◆ What you need to do ◆
Please show all lines of the records that include "Autodesk".
[[ Records provided open ]]
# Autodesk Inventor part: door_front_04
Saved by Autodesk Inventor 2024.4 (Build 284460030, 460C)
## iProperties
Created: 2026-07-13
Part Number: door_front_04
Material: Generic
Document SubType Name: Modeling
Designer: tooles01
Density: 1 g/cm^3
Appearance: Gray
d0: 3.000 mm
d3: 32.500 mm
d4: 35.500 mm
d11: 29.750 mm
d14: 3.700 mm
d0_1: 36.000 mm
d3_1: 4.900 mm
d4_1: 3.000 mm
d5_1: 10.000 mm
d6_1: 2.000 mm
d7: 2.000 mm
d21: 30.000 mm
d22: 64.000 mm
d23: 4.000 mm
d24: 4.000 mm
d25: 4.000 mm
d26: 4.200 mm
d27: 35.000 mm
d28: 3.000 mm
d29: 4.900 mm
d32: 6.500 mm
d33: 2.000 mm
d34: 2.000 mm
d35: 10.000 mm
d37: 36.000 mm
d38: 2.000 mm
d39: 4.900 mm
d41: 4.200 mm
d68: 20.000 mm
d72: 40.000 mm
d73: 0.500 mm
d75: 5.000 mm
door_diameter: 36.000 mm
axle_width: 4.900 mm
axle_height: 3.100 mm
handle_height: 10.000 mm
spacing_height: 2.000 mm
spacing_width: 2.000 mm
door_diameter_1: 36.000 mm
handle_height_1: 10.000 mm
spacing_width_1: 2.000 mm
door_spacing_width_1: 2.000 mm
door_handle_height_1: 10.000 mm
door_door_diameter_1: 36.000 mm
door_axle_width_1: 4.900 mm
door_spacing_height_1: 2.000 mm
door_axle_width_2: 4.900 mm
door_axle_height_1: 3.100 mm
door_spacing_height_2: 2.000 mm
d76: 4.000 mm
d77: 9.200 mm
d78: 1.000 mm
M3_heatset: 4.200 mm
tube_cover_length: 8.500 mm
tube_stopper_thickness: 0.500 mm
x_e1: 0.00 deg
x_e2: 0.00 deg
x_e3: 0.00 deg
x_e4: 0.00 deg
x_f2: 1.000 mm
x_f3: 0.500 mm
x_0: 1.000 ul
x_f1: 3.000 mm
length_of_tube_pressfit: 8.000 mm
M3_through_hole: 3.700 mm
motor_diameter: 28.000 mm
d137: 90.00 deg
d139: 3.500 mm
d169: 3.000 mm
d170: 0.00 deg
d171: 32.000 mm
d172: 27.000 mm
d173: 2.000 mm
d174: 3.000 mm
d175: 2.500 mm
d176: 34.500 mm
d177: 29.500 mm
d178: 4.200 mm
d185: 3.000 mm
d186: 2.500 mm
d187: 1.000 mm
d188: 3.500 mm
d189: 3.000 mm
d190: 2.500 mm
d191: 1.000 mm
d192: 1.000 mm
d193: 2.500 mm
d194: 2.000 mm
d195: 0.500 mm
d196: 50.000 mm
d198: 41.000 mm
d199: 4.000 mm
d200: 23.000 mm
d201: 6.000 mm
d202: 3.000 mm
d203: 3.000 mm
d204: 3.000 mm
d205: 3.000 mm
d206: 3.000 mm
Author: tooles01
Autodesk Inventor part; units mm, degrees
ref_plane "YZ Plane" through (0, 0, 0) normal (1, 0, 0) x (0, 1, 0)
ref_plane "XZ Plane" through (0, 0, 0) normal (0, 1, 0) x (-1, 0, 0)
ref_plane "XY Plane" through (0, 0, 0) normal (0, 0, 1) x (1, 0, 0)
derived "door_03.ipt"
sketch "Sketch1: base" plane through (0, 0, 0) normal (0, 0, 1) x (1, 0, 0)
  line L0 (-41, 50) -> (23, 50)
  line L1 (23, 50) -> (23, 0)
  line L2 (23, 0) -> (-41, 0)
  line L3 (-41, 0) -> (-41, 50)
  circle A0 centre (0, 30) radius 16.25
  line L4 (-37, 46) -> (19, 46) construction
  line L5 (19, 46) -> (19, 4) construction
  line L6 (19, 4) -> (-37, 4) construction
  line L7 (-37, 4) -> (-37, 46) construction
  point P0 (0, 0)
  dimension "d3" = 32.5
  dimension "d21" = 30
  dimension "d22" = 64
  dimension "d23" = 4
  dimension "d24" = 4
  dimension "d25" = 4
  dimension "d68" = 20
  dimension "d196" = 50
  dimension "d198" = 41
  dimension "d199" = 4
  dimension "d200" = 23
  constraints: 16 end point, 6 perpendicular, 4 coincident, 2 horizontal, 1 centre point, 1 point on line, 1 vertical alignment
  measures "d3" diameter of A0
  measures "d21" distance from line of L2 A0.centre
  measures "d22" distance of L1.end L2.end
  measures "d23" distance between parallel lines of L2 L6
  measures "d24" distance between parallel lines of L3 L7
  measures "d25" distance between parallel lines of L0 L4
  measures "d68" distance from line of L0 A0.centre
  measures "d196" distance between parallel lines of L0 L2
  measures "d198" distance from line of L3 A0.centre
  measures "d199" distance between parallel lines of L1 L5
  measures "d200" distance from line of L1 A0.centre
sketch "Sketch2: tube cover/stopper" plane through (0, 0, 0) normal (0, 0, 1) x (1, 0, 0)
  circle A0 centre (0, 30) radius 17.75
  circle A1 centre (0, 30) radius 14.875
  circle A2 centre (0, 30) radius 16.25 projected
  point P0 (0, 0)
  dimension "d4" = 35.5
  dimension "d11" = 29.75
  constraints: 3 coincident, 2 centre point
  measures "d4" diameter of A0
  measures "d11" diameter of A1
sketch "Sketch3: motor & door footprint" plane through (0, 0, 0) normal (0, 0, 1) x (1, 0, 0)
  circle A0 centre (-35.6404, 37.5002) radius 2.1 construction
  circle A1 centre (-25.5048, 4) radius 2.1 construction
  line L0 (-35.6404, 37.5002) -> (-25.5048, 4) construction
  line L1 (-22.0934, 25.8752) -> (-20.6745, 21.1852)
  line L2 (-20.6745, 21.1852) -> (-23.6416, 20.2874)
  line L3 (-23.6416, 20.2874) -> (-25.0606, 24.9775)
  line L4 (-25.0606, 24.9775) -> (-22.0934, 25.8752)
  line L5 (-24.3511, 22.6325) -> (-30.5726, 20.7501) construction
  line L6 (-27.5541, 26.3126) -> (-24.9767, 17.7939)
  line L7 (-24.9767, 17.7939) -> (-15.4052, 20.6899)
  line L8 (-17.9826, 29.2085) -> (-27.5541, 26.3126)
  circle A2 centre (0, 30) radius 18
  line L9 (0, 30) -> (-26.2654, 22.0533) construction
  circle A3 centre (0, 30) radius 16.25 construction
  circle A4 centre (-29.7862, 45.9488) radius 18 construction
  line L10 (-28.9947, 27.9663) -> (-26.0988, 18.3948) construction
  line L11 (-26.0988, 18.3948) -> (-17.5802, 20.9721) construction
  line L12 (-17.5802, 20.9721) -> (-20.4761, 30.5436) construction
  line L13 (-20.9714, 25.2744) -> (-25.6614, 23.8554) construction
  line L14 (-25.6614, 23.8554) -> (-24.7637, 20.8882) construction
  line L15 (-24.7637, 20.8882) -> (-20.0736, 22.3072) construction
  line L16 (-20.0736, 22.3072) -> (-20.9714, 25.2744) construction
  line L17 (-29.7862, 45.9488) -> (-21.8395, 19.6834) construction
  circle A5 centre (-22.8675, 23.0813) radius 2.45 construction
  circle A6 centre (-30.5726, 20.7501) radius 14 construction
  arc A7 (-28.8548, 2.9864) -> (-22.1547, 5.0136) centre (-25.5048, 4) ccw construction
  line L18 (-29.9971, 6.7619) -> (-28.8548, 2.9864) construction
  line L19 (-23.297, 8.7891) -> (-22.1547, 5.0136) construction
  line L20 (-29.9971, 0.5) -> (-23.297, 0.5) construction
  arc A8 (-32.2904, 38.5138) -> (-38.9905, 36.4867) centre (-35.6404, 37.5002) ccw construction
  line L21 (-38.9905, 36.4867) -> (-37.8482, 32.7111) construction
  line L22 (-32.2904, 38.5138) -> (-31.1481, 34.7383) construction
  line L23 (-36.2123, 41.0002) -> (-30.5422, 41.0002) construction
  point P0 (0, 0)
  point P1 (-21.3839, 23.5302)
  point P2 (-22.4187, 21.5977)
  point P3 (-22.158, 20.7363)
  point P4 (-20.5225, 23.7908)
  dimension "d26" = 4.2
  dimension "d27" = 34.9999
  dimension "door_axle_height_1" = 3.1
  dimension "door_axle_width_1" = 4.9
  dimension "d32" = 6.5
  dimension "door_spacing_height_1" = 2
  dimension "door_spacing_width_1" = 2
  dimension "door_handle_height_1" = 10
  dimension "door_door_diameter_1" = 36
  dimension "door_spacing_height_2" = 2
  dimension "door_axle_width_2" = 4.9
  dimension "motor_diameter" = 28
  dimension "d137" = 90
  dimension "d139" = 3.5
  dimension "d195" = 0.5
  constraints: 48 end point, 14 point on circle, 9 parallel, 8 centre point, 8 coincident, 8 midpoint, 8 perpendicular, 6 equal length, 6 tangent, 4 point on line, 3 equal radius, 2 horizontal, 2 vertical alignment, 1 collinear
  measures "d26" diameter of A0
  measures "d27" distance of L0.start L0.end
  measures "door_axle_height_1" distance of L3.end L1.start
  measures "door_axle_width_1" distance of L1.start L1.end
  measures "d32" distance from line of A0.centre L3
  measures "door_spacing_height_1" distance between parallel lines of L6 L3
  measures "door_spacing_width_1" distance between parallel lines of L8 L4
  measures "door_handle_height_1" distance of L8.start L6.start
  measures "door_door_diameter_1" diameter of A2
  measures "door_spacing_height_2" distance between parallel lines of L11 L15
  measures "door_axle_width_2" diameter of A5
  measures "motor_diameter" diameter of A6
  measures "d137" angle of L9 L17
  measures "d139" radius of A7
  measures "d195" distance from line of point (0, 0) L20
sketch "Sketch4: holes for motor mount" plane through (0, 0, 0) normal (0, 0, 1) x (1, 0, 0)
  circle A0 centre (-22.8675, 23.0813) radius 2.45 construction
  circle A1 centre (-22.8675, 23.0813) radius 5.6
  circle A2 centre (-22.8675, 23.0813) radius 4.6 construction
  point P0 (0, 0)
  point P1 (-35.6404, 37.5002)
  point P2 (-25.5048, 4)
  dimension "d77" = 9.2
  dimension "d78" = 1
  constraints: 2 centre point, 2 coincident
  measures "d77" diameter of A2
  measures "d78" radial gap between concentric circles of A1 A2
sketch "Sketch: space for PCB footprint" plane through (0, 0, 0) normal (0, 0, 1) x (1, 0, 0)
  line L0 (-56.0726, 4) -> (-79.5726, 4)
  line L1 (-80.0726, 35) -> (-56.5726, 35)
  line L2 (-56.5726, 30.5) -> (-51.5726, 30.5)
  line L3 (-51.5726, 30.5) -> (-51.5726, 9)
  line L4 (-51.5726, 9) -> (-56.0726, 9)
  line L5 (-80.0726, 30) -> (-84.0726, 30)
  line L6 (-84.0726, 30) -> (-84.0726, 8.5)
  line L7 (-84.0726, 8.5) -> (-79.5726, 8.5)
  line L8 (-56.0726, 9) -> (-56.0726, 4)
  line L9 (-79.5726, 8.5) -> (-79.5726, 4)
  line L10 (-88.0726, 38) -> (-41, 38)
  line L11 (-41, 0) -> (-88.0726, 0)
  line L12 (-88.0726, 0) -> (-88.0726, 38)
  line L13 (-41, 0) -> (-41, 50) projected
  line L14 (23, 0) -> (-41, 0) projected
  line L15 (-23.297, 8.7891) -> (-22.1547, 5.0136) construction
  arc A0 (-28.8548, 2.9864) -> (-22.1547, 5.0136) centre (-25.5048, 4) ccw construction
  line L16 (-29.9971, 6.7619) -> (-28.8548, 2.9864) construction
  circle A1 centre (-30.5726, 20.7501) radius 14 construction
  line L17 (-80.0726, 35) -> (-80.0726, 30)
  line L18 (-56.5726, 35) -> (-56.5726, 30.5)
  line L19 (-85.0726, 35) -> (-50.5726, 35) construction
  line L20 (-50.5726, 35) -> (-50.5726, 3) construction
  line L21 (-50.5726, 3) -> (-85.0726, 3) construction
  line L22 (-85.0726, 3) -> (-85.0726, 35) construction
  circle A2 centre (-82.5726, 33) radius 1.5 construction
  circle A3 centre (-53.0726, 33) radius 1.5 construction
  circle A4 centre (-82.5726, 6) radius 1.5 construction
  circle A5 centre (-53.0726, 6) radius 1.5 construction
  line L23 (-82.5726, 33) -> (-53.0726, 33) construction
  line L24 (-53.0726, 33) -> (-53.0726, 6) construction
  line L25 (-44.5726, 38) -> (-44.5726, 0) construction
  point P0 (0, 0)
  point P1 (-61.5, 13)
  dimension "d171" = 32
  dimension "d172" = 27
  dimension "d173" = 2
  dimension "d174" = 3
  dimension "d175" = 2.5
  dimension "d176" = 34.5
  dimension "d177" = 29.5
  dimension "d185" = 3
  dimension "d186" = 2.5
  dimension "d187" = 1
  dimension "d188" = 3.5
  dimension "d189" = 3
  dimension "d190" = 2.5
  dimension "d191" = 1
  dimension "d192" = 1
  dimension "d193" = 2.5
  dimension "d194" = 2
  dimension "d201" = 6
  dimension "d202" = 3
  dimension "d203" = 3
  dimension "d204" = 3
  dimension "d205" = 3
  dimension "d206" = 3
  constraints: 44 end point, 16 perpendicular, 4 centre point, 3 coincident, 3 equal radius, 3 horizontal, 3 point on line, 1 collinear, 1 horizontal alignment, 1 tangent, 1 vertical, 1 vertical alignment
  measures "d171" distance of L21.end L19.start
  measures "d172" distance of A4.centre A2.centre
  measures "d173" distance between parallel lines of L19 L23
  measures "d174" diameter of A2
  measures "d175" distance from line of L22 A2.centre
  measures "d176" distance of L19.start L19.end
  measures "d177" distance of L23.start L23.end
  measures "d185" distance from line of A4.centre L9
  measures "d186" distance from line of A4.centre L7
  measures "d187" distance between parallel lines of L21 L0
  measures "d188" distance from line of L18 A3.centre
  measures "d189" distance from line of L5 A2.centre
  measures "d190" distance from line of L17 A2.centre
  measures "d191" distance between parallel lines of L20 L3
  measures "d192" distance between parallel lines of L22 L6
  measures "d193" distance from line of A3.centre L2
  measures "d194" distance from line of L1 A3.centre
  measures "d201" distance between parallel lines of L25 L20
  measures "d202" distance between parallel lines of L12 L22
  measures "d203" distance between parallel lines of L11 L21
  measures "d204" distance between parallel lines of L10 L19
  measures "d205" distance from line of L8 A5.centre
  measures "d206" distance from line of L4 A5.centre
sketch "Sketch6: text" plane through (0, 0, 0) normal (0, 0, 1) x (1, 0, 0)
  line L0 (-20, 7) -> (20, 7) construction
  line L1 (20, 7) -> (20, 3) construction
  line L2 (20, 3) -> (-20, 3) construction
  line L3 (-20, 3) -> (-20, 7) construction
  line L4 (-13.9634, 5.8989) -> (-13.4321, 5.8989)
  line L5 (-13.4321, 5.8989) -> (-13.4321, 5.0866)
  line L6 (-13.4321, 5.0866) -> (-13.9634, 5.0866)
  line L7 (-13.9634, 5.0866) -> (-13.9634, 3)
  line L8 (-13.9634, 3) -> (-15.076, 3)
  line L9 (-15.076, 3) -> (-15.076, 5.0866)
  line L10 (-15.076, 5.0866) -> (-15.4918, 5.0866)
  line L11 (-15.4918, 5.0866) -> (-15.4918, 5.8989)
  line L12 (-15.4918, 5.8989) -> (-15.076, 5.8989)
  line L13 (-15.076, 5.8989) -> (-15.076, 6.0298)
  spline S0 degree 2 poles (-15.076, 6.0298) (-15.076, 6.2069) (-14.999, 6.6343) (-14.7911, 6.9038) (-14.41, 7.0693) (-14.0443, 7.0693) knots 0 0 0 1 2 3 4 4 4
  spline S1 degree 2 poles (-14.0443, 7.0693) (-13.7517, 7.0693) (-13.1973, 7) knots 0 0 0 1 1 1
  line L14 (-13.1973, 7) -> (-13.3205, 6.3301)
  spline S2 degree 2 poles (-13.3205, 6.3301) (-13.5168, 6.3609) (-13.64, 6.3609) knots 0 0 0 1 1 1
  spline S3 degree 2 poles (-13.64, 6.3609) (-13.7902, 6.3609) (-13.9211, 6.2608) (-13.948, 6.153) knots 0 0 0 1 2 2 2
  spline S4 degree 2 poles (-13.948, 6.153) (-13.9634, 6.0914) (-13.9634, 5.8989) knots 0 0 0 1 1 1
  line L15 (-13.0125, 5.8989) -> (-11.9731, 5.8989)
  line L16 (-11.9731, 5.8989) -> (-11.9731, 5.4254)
[[ Records provided closed ]]
◆ Result of this exercise ◆
# Autodesk Inventor part: door_front_04
Saved by Autodesk Inventor 2024.4 (Build 284460030, 460C)
Autodesk Inventor part; units mm, degrees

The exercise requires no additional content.